Bulbul, the company’s text-to-speech model, now supports over 35 voices across 11 Indian languages in its V3 iteration. Sarvam Audio provides automatic speech recognition across 22 Indian languages. Mayura is a translation API that developers can integrate directly into their applications. Vision OCR, launched during Sarvam’s dramatic 14-day product launch streak in early February 2026, scored 84.3% on the olmOCR-Bench — outperforming Google’s Gemini Pro and OpenAI’s ChatGPT on multilingual document understanding.
For enterprises, Sarvam for Work offers specialized coding-focused models and business tools. Samvaad is a conversational AI agent platform built specifically for Indian languages. And in a move that signals Sarvam’s hardware ambitions, the company announced Sarvam Kaze — an AI-powered wearable glasses device that listens, understands, and captures the world through a user’s eyes in real time, supporting over 10 Indian languages. Its launch is expected in May 2026.
The Road Ahead: Promise and Pressure
Sarvam’s journey has not been without scrutiny. Critics point out that while the company’s models are impressive for Indic language tasks, they still operate on a different plane from the frontier models being built by OpenAI, Anthropic, or Google, which are trained on far greater compute, far more data, and refined over years of reinforcement learning. Competing globally at the very frontier remains a capital-intensive challenge.

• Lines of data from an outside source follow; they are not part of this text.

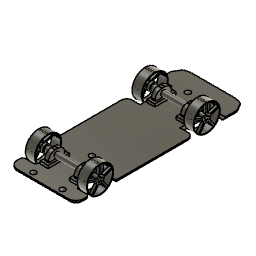
CAR BAse v6 (Autodesk Fusion 360 design; units mm, degrees)
Autodesk Fusion 360 part; units mm, degrees
note: some values were not read from the file. Set by a fixed rule: which face or edge a step refers to.
sketch "Sketch1" plane through (0, 0, 0) normal (0, 0, 1) x (1, 0, 0)
  line L0 (-50, 58.039) -> (-50, 31)
  line L1 (-50, 19) -> (-50, 18)
  line L2 (-47, 15) -> (-28, 15)
  line L3 (-25, 18) -> (-25, 19)
  line L4 (-25, 31) -> (-25, 58)
  line L5 (-25, 70) -> (-25, 70)
  line L6 (-30, 75) -> (-45, 75)
  line L7 (-50, 70) -> (-50, 70)
  arc A0 (-45, 75) -> (-50, 70) centre (-45, 70) ccw
  arc A1 (-25, 70) -> (-30, 75) centre (-30, 70) ccw
  arc A2 (-28, 15) -> (-25, 18) centre (-28, 18) ccw
  arc A3 (-50, 18) -> (-47, 15) centre (-47, 18) ccw
  line L8 (-49, 20) -> (-46, 20)
  line L9 (-45, 21) -> (-45, 29)
  line L10 (-46, 30) -> (-49, 30)
  line L11 (-26, 20) -> (-29, 20)
  line L12 (-30, 21) -> (-30, 30)
  line L13 (-30, 30) -> (-26, 30)
  line L14 (-25, 70) -> (-30, 70)
  line L15 (-30, 70) -> (-30, 60)
  line L16 (-30, 60) -> (-27, 60)
  line L17 (-48, 60.039) -> (-45, 60.039)
  line L18 (-45, 60.039) -> (-45, 70)
  line L19 (-45, 70) -> (-50, 70)
  line L20 (-44, 55) -> (-31, 55)
  line L21 (-31, 55) -> (-31, 35)
  line L22 (-31, 35) -> (-44, 35)
  line L23 (-44, 35) -> (-44, 55)
  circle A4 centre (-43, 28) radius 1
  circle A5 centre (-43, 22) radius 1
  circle A6 centre (-32, 22) radius 1
  circle A7 centre (-32, 28) radius 1
  circle A8 centre (-43, 68) radius 1
  circle A9 centre (-43, 62) radius 1
  circle A10 centre (-32, 62) radius 1
  circle A11 centre (-32, 68) radius 1
  circle A12 centre (-40, 72) radius 1
  circle A13 centre (-35, 72) radius 1
  circle A14 centre (-37.4904, 33.4419) radius 1
  circle A15 centre (-43, 17) radius 1
  circle A16 centre (-32, 17) radius 1
  arc A17 (-48, 60.039) -> (-50, 58.039) centre (-48, 58.039) ccw
  arc A18 (-25, 58) -> (-27, 60) centre (-27, 58) ccw
  arc A19 (-25, 19) -> (-26, 20) centre (-26, 19) ccw
  arc A20 (-26, 30) -> (-25, 31) centre (-26, 31) ccw
  arc A21 (-50, 31) -> (-49, 30) centre (-49, 31) ccw
  arc A22 (-49, 20) -> (-50, 19) centre (-49, 19) ccw
  arc A23 (-46, 20) -> (-45, 21) centre (-46, 21) ccw
  arc A24 (-45, 29) -> (-46, 30) centre (-46, 29) ccw
  arc A25 (-30, 21) -> (-29, 20) centre (-29, 21) ccw
  dimension "d1" = 5
  dimension "d2" = 5
  dimension "d3" = 3
  dimension "d4" = 3
  dimension "d5" = 2
  dimension "d6" = 2
  dimension "d7" = 2
  dimension "d8" = 1
  dimension "d9" = 1
  constraint vertical L0
  constraint parallel L0 L1
  constraint perpendicular L1 L2
  constraint perpendicular L2 L3
  constraint perpendicular L2 L4
  constraint tangent L6 A0
  constraint tangent L6 A1
  constraint tangent L2 A2
  constraint tangent L3 A2
  constraint tangent L1 A3
  constraint tangent L2 A3
  constraint horizontal L8
  constraint vertical L9
  constraint horizontal L10
  constraint horizontal L11
  constraint vertical L12
  constraint horizontal L13
  constraint horizontal L14
  constraint vertical L15
  constraint horizontal L16
  constraint horizontal L17
  constraint vertical L18
  constraint horizontal L19
  constraint coincident A0.centre L18.end
  constraint horizontal L20
  constraint vertical L21
  constraint horizontal L22
  constraint vertical L23
  constraint tangent L17 A17
  constraint tangent L0 A17
  constraint tangent L16 A18
  constraint tangent L4 A18
  constraint tangent L3 A19
  constraint tangent L11 A19
  constraint tangent L13 A20
  constraint tangent L4 A20
  constraint tangent L10 A21
  constraint tangent L0 A21
  constraint equal A20 A21
  constraint tangent L1 A22
  constraint tangent L8 A22
  constraint equal A20 A22
  constraint tangent L8 A23
  constraint tangent L9 A23
  constraint equal A20 A23
  constraint tangent L9 A24
  constraint tangent L10 A24
  constraint equal A20 A24
  constraint tangent L11 A25
  constraint tangent L12 A25
  constraint equal A20 A25
  measures "d1" radius of A0
  measures "d2" radius of A1
  measures "d3" radius of A2
  measures "d4" radius of A3
  measures "d5" diameter of A14
  measures "d6" radius of A17
  measures "d7" radius of A18
  measures "d8" radius of A19
  measures "d9" radius of A20
extrude "Extrude1" add sketch "Sketch1" along normal blind 1.5 makes body 1
sketch "Sketch2" plane through (0, 0, 0) normal (0, 0, 1) x (1, 0, 0)
  circle A0 centre (0, 0) radius 1
  line L0 (0, 0) -> (0, 5)
  circle A1 centre (0, 5) radius 1
  dimension "d12" = 2
  dimension "d13" = 5
  dimension "d14" = 2
  constraint coincident A0.centre L0.start
  constraint vertical L0
  constraint coincident L0.end A1.centre
  measures "d12" diameter of A0
  measures "d13" distance of A0.centre L0.end
  measures "d14" diameter of A1
extrude "Extrude2" add sketch "Sketch2" along normal blind 1.5 separate body makes body 2 at (0.995, 5.0996, 1) makes body 3 at (0.995, -0.0996, 0.5)
sketch "Sketch3" plane through (0, 0, 1.5) normal (0, 0, 1) x (-1, 0, 0)
  circle A0 centre (0, 0) radius 1
  line L0 (-1.5, -6.5) -> (1.5, -6.5)
  line L1 (1.5, -6.5) -> (1.5, 1.5)
  line L2 (1.5, 1.5) -> (-1.5, 1.5)
  line L3 (-1.5, 1.5) -> (-1.5, -6.5)
  dimension "d20" = 3
  dimension "d21" = 8
  constraint perpendicular L0 L1
  constraint perpendicular L1 L2
  constraint perpendicular L0 L3
  measures "d20" distance of L0.start L0.end
  measures "d21" distance of L0.end L1.end
extrude "Extrude3" add sketch "Sketch3" along normal blind 1 contours A0 | L0 L1 L2 L3 bodies 2 3
sketch "Sketch4" plane through (0, 0, 2.5) normal (0, 0, 1) x (-1, 0, 0)
  line L0 (-1.5, 1.5) -> (-1.5, -6.5)
  line L1 (-1.5, -6.5) -> (1.5, -6.5)
  line L2 (1.5, -6.5) -> (1.5, 1.5)
  line L3 (1.5, 1.5) -> (-1.5, 1.5)
  line L4 (0.75, -4.5) -> (0.75, -0.5)
  line L5 (-0.75, -0.5) -> (-0.75, -4.5)
  line L6 (-0.75, -4.5) -> (-0.75, -5.5)
  line L7 (-0.75, -5.5) -> (0.75, -5.5)
  line L8 (0.75, -5.5) -> (0.75, -4.5)
  line L9 (0.75, -0.5) -> (0.75, 0.5)
  line L10 (0.75, 0.5) -> (0, 0.5)
  line L11 (-0.75, -0.5) -> (-0.75, 0.5)
  line L12 (-0.75, 0.5) -> (0, 0.5)
  dimension "d24" = 1
  dimension "d25" = 1.5
  dimension "d26" = 1
  constraint perpendicular L6 L7
  measures "d24" distance of L5.end L6.end
  measures "d25" distance of L6.end L7.end
  measures "d26" distance of L4.end L9.end
extrude "Extrude4" add sketch "Sketch4" along normal blind 3 contours L4 L5 L6 L7 L8 L9 L10 L11 L12 bodies 2
fillet "Fillet1" radius 2.5 2 edges at (0, 5.5, 5.5) (0, -0.5, 5.5) on bodies 2
hole "Hole1" at (-0.75, 2.502, 3.6803) direction (1, 0, 0) diameter 2 depth 2 tip angle 118 bodies 2
copy_body "Body->Comp1" bodies 2 removing the originals makes body 4 in component "tengely tartó"
move_face "MoveFace1" to x (1, 0, 0) y (0, 1, 0) z (0, 0, 1) at (0, 0.5, 0) 1 faces at (0.995, 5.0996, 1) on bodies 4 in component "tengely tartó"
move_face "MoveFace2" to x (1, 0, 0) y (0, 1, 0) z (0, 0, 1) at (0, -0.5, 0) 1 faces at (0.995, -0.0996, 0.5) on bodies 4 in component "tengely tartó"
copy_body "Body->Comp2" bodies 1 removing the originals makes body 5 in component "alap"
move_body "Move1" bodies 5 to x (1, 0, 0) y (0, 1, 0) z (0, 0, 1) at (0, 0, 4) in component "alap"
move_body "Move1'" bodies 4 to x (1, 0, 0) y (0, 1, 0) z (0, 0, 1) at (-21, 25.94, 0) in component "tengely tartó"
move_face "OffsetFaces1" offset 20 1 faces at (-39.6667, 55, 4.5) on bodies 5 in component "alap"
cylinder "CylinderPrimitive1" add diameter 2 height -17 placed x (0, 0, -1) y (0, 1, 0) z (1, 0, 0) at (0, -76.2033, 52.8252) separate body makes body 6
move_face "MoveFace1'" to x (1, 0, 0) y (0, 1, 0) z (0, 0, 1) at (-2, 0, 0) 1 faces at (-11.3333, -76.0051, 53.8054) on bodies 6
move_body "Move1''" bodies 6 to x (1, 0, 0) y (0, 1, 0) z (0, 0, 1) at (-29, 101, -49)
move_body "Move2" bodies 6 to x (1, 0, 0) y (0, 1, 0) z (0, 0, 1) at (0, 0, 8)
copy_body "Body->Comp3" bodies 6 removing the originals makes body 7 in component "tengely"
move_face "MoveFace1''" to x (1, 0, 0) y (0, 1, 0) z (0, 0, 1) at (0, 0, -8) 1 faces at (-34.6667, 24.6972, 10.8302) on bodies 7 in component "tengely"
sketch "Sketch6" plane through (-29, 0, 0) normal (1, 0, 0) x (0, 1, 0)
  circle A0 centre (65.0267, 3.6652) radius 1
sketch "Sketch7" plane through (0, 0, 0) normal (0, 0, 1) x (1, 0, 0)
  circle A0 centre (0, 0) radius 5
  line L0 (0, 0) -> (5, 0) construction
  line L1 (0, 0) -> (-5, 0) construction
  line L2 (-2.4394, 0.5823) -> (-4.5237, 1.4488)
  line L3 (-4.5113, 1.4868) -> (-2.3158, 0.9628)
  line L4 (-2.4394, 0.5823) -> (-1.459, 0.3483)
  line L5 (-1.3851, 0.5758) -> (-2.3158, 0.9628)
  line L6 (-1.6313, -1.905) -> (-2.8081, -3.831)
  line L7 (-2.7758, -3.8546) -> (-1.3077, -2.1401)
  line L8 (-1.3077, -2.1401) -> (-0.7821, -1.28)
  line L9 (-0.9756, -1.1394) -> (-1.6313, -1.905)
  line L10 (1.3077, -2.1401) -> (2.7758, -3.8546)
  line L11 (2.8081, -3.831) -> (1.6313, -1.905)
  line L12 (1.3077, -2.1401) -> (0.7821, -1.28)
  line L13 (0.9756, -1.1394) -> (1.6313, -1.905)
  line L14 (-0.2, 2.5) -> (-0.1196, 1.4952)
  line L15 (0.1196, 1.4952) -> (0.2, 2.5)
  line L16 (0.2, 2.5) -> (0.02, 4.75)
  line L17 (-0.02, 4.75) -> (-0.2, 2.5)
  line L18 (2.3158, 0.9628) -> (1.3851, 0.5758)
  line L19 (1.459, 0.3483) -> (2.4394, 0.5823)
  line L20 (2.4394, 0.5823) -> (4.5237, 1.4488)
  line L21 (4.5113, 1.4868) -> (2.3158, 0.9628)
  line L22 (0.5701, 0.1853) -> (0, 0)
  circle A1 centre (-0.7133, -0.2318) radius 0.25
  circle A2 centre (0, -0.75) radius 0.25
  circle A3 centre (0.7133, -0.2318) radius 0.25
  circle A4 centre (0.4566, 0.595) radius 0.25
  circle A5 centre (-0.4408, 0.6068) radius 0.25
  arc A6 (-0.7821, -1.28) -> (0.7821, -1.28) centre (0, 0) ccw
  arc A7 (0.9756, -1.1394) -> (1.459, 0.3483) centre (0, 0) ccw
  arc A8 (1.3851, 0.5758) -> (0.1196, 1.4952) centre (0, 0) ccw
  arc A9 (-0.1196, 1.4952) -> (-1.3851, 0.5758) centre (0, 0) ccw
  arc A10 (-1.459, 0.3483) -> (-0.9756, -1.1394) centre (0, 0) ccw
  arc A11 (-0.02, 4.75) -> (-4.5113, 1.4868) centre (0, 0) ccw
  arc A12 (4.5113, 1.4868) -> (0.02, 4.75) centre (0, 0) ccw
  arc A13 (2.8081, -3.831) -> (4.5237, 1.4488) centre (0, 0) ccw
  arc A14 (-4.5237, 1.4488) -> (-2.8081, -3.831) centre (0, 0) ccw
  arc A15 (-2.7758, -3.8546) -> (2.7758, -3.8546) centre (0, 0) ccw
  dimension "d50" = 10
  dimension "d54" = 3
  dimension "d61" = 9.5
  dimension "d73" = 0.75
  dimension "d74" = 0.5
  dimension "d75" = 0.5
  dimension "d76" = 0.5
  dimension "d77" = 0.5
  dimension "d78" = 0.5
  constraint coincident A0.centre L0.start
  constraint concentric A0 A6
  constraint horizontal L0
  constraint horizontal L1
  constraint concentric A6 A14
  constraint coincident L17.start A14
  constraint coincident L21.start A14
  constraint coincident L11.start A14
  constraint coincident L7.start A14
  constraint coincident L4.end A6
  constraint coincident L5.start A6
  constraint coincident L15.start A6
  constraint coincident L14.end A6
  constraint coincident L18.end A6
  constraint coincident L19.start A6
  constraint coincident L13.start A6
  constraint concentric A6 A7
  constraint concentric A7 A8
  constraint concentric A8 A9
  constraint concentric A9 A10
  constraint concentric A11 A14
  constraint concentric A12 A14
  constraint concentric A13 A14
  constraint concentric A14 A15
  measures "d50" diameter of A0
  measures "d54" diameter of A6
  measures "d61" diameter of A14
  measures "d73" distance of A0.centre A1.centre
  measures "d74" diameter of A1
  measures "d75" diameter of A2
  measures "d76" diameter of A3
  measures "d77" diameter of A4
  measures "d78" diameter of A5
sketch "Sketch8" plane through (0, 0, 0.5) normal (0, 0, 1) x (-1, 0, 0)
  circle A0 centre (0.7133, 0.2318) radius 0.25
  line L0 (2.7758, 3.8546) -> (1.3077, 2.1401)
  line L1 (1.3077, 2.1401) -> (0.7821, 1.28)
  arc A1 (0.7821, 1.28) -> (-0.7821, 1.28) centre (0, 0) ccw
  line L2 (-0.7821, 1.28) -> (-1.3077, 2.1401)
  line L3 (-1.3077, 2.1401) -> (-2.7758, 3.8546)
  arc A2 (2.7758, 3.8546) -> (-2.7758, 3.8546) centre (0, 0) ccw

Yet the company’s approach — frugal engineering, locally optimised models, open-source distribution, and deep government partnerships — may prove to be precisely the right strategy for winning the market that matters most to it: India itself. With a team of around 114 employees and annual revenues of approximately INR 29 crore as of early 2025, Sarvam is lean and focused.
In March 2026, Sarvam launched the Sarvam Startup Program, offering early-stage Indian companies 6 to 12 months of API credits, priority engineering support, and access to production infrastructure — a deliberate effort to seed an ecosystem of developers building on top of Sarvam’s stack. It also introduced Arya, an AI product designed to make business AI more reliable, in February 2026.
Conclusion: More Than a Startup
Sarvam AI represents something more than the sum of its funding rounds, benchmark scores, or product launches. It represents a fundamental argument: that AI should not be a technology that flows down from a handful of powerful Western companies to the rest of the world, but something that can be built from within, shaped by local knowledge, and deployed in service of local needs.
For a country with India’s linguistic complexity, economic diversity, and democratic scale, that argument has profound implications. If Sarvam can continue to execute — securing sustained compute access, retaining top talent, deepening enterprise adoption, and expanding its developer ecosystem — it may well become the proof point that sovereign AI in the Global South is not just possible, but powerful.
Explore More …
In a race defined by scale and capital, Sarvam AI is betting that knowing your people — their languages, their needs, their voice — is the deepest advantage of all.